The problem sounded familiar, thought CEE Professor David Sedlak, who
studies the behavior of chemical contaminants in wastewater and identifies
cost-effective methods to remove them. It sounded like the state of
California's own water struggles.
"California and Australia are pretty similar in terms of geography
and climate," says Sedlak. "I liked the connection between
the two in terms of drought and how the two places responded to the
challenges of providing a reliable water supply."
The similarity so intrigued him that he applied for and won a Fulbright
fellowship to spend a year at the University of New South Wales (UNSW)
in Sydney looking for an inexpensive, low-tech method that would augment
the country's existing water supply by safely reusing wastewater.
In July 2003, Sedlak relocated his family to a home across from one
of Sydney's beaches and, with a team of professors and graduate
students, launched into the lab work.
Together with UNSW graduate student Sung Hee Joo, Sedlak focused on
nano-sized particles of iron. For over a decade, elemental iron has
been used to destroy unwanted chemicals through reduction reactions,
says Sedlak. For example, it's the technique used to detoxify dry
cleaning chemicals discovered in groundwater at hazardous waste sites.
But Sedlak, Joo, and the team discovered something new: When iron reduces
oxygen, it produces a reactive intermediate that is capable of oxidizing
other chemicals.
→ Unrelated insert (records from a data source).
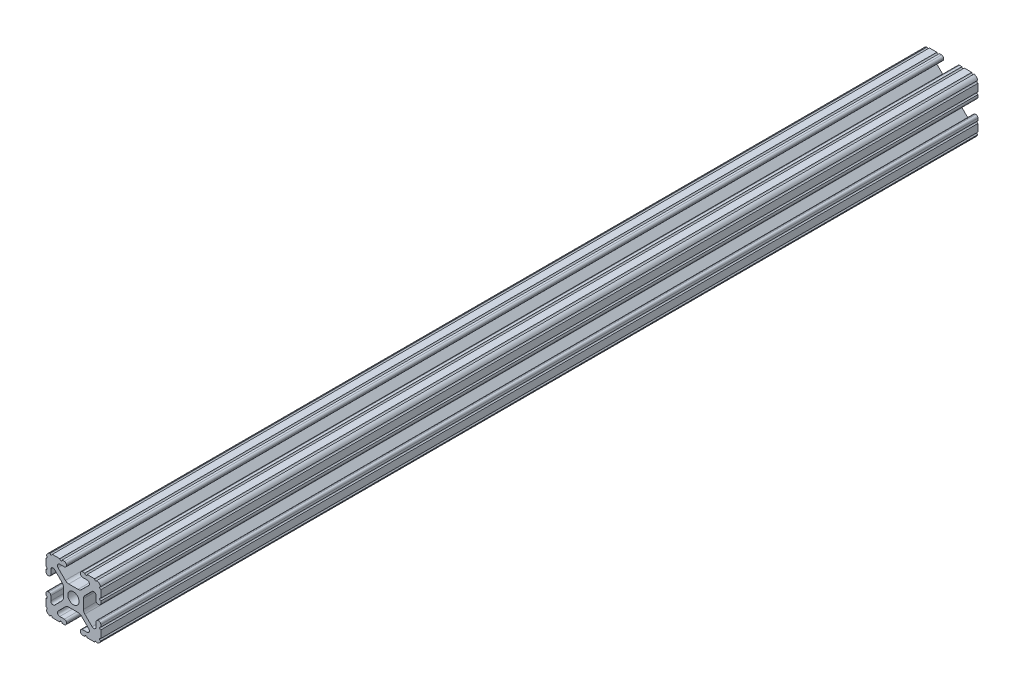
SolidWorks part; units mm, degrees
ref_plane "Front Plane" through (0, 0, 0) normal (0, 0, 1) x (1, 0, 0)
ref_plane "Top Plane" through (0, 0, 0) normal (0, 1, 0) x (1, 0, 0)
ref_plane "Right Plane" through (0, 0, 0) normal (1, 0, 0) x (0, 0, -1)
sketch "Sketch2" plane through (0, 0, 0) normal (0, 0, 1) x (1, 0, 0)
  line L0 (0, 12.7) -> (0, -12.7) construction
  line L1 (-12.7, 0) -> (12.7, 0) construction
  line L2 (3.2512, -12.7) -> (12.7, -12.7)
  line L3 (12.7, -12.7) -> (12.7, -3.2512)
  line L4 (3.2512, -12.7) -> (3.2512, -10.4902)
  line L5 (3.2512, -10.4902) -> (8.9276, -10.4902)
  line L6 (8.9276, -10.4902) -> (3.0856, -4.6482)
  line L7 (0, 0) -> (12.7, -12.7) construction
  line L8 (12.7, -3.2512) -> (10.4902, -3.2512)
  line L9 (10.4902, -3.2512) -> (10.4902, -8.9276)
  line L10 (10.4902, -8.9276) -> (4.6482, -3.0856)
  circle A0 centre (0, 0) radius 2.6035
  arc A1 (6.3485, -10.4902) -> (7.1039, -8.6665) centre (6.3485, -9.4219) ccw construction
  point P8 (0, -4.6482)
  dimension "Center Hole Diameter" = 5.207
  dimension "Rail Height" = 25.4
  dimension "Rail Width" = 25.4
  dimension "T-Slot Width" = 6.5024
  dimension "Slot Inner Width" = 14.8336
  dimension "Thickness" = 2.2098
  dimension "Slot Depth" = 5.842
  dimension "D1" = 2.2098
sketch "Sketch3" plane through (0, 0, 0) normal (1, 0, 0) x (0, 0, -1)
  line L0 (-203.2, -12.7) -> (203.2, -12.7) construction
  line L1 (-177.8, 0) -> (177.8, 0) construction
  dimension "Length" = 406.4
  dimension "D1" = 25.4
sketch "Sketch4" plane through (0, 0, 0) normal (0, 0, 1) x (1, 0, 0)
  line L0 (4.1904, -12.7) -> (10.1173, -12.7)
  line L1 (3.2512, -12.7) -> (12.7, -12.7) construction
  line L2 (3.2512, -12.7) -> (3.2512, -10.4902) construction
  line L3 (3.2512, -10.4902) -> (8.9276, -10.4902) construction
  line L4 (3.2512, -11.4294) -> (3.2512, -11.7608)
  line L5 (4.1904, -10.4902) -> (6.3485, -10.4902)
  line L6 (0, -4.6482) -> (2.164, -4.6482)
  line L7 (8.9276, -10.4902) -> (3.0856, -4.6482) construction
  line L8 (3.7373, -5.2999) -> (7.1039, -8.6665)
  line L9 (12.7, -12.7) -> (12.7, -3.2512) construction
  line L10 (10.4902, -8.9276) -> (4.6482, -3.0856) construction
  line L11 (10.4902, -3.2512) -> (10.4902, -8.9276) construction
  line L12 (10.4902, -6.3485) -> (10.4902, -4.1904)
  line L13 (12.7, -3.2512) -> (10.4902, -3.2512) construction
  line L14 (11.4294, -3.2512) -> (11.7608, -3.2512)
  line L15 (12.7, -4.1904) -> (12.7, -10.1173)
  line L16 (8.6665, -7.1039) -> (5.2999, -3.7373)
  line L17 (4.6482, 0) -> (4.6482, -2.164)
  line L18 (-12.7, 0) -> (12.7, 0) construction
  line L19 (0, -4.6482) -> (0, -2.6035)
  line L20 (0, 12.7) -> (0, -12.7) construction
  line L21 (4.6482, 0) -> (2.6035, 0)
  arc A0 (3.2512, -11.7608) -> (4.1904, -12.7) centre (4.1904, -11.7608) ccw
  arc A2 (3.2512, -11.4294) -> (4.1904, -10.4902) centre (4.1904, -11.4294) cw
  arc A3 (6.3485, -10.4902) -> (7.1039, -8.6665) centre (6.3485, -9.4219) ccw
  arc A4 (2.164, -4.6482) -> (3.7373, -5.2999) centre (2.164, -6.8732) cw
  arc A5 (10.1173, -12.7) -> (12.7, -10.1173) centre (10.1173, -10.1173) ccw
  arc A6 (8.6665, -7.1039) -> (10.4902, -6.3485) centre (9.4219, -6.3485) ccw
  arc A7 (10.4902, -4.1904) -> (11.4294, -3.2512) centre (11.4294, -4.1904) cw
  arc A8 (11.7608, -3.2512) -> (12.7, -4.1904) centre (11.7608, -4.1904) cw
  arc A9 (5.2999, -3.7373) -> (4.6482, -2.164) centre (6.8732, -2.164) cw
  circle A10 centre (0, 0) radius 2.6035 construction
  arc A11 (0, -2.6035) -> (2.6035, 0) centre (0, 0) ccw
  dimension "D1" = 2.5827
  dimension "D2" = 2.225
  dimension "D3" = 0.9392
extrude "Boss-Extrude1" add sketch "Sketch4" along normal mid plane 406.4
sketch "Sketch5" plane through (0, 0, 0) normal (0, 0, 1) x (1, 0, 0)
  line L0 (3.2512, -12.7) -> (12.7, -12.7) construction
  line L1 (4.1904, -10.4902) -> (6.3485, -10.4902) construction
  line L3 (0, 0) -> (12.7, -12.7) construction
  line L4 (6.3485, -10.4902) -> (6.3485, -12.7) construction
  line L5 (8.9276, -10.4902) -> (3.0856, -4.6482) construction
  circle A0 centre (10.3562, -12.7) radius 0.5524
  circle A1 centre (5.796, -12.7) radius 0.5524
  circle A2 centre (12.7, -10.3562) radius 0.5524
  circle A3 centre (12.7, -5.796) radius 0.5524
  point P10 (5.2694, -10.4902)
  point P12 (9.4219, -6.3485)
  dimension "D1" = 1.1049
extrude "Cut-Extrude1" cut sketch "Sketch5" against normal through all both and the other way through all
mirror "Mirror1" about plane through (0, 0, 0) normal (1, 0, 0) of bodies 137 134
mirror "Mirror2" about plane through (0, 0, 0) normal (0, 1, 0) of bodies 135
equation "\"D1@Boss-Extrude1\"=\"Length@Sketch3\""
equation "\"D1@Sketch2\"=\"Thickness@Sketch2\""
equation "\"D2@Sketch4\"=\"Slot Inner Width@Sketch2\"*0.15"
equation "\"D1@Sketch4\"=\"D3@Sketch4\"*2.75"
equation "\"D3@Sketch4\"=\"Thickness@Sketch2\"*0.425"
equation "\"D1@Sketch5\"=\"Thickness@Sketch2\"*0.5"

By studying iron nanoparticles in the lab, they found
that the organic compound (or pesticide) was wholly oxidized, meaning
the reaction process had broken it down, taking steps to purify the
contaminated water.
"The relative simplicity of this technique and the availability
of key reactants suggest that this method could be used to degrade agrochemical
contaminants and contaminants in water treatment," Joo told Uniken,
the UNSW magazine. The water would be suitable again for human use.
With the research going - well - swimmingly, Sedlak and his
family made sure Australia wasn't all work and no play. They took
advantage of the proximity of the beach, Sedlak says, where he snorkeled
and learned to surf. "Sydney Harbour is just like Finding Nemo.
It's full of fish, stingrays, and seahorses, and the water is 70
degrees."
Sedlak also relished learning new Australian expressions, even if they
were at his expense. His new friends christened him a "daggy dresser,"
which translates to messy or disheveled. Sedlak good-naturedly explains
the literal meaning: "The word, 'daggy,' is the unusable wool on the
rear of a sheep."
Despite the ribbing, Sedlak says he made some lifelong friends. "Plus,
I missed a year of construction in Davis Hall," he says with relish.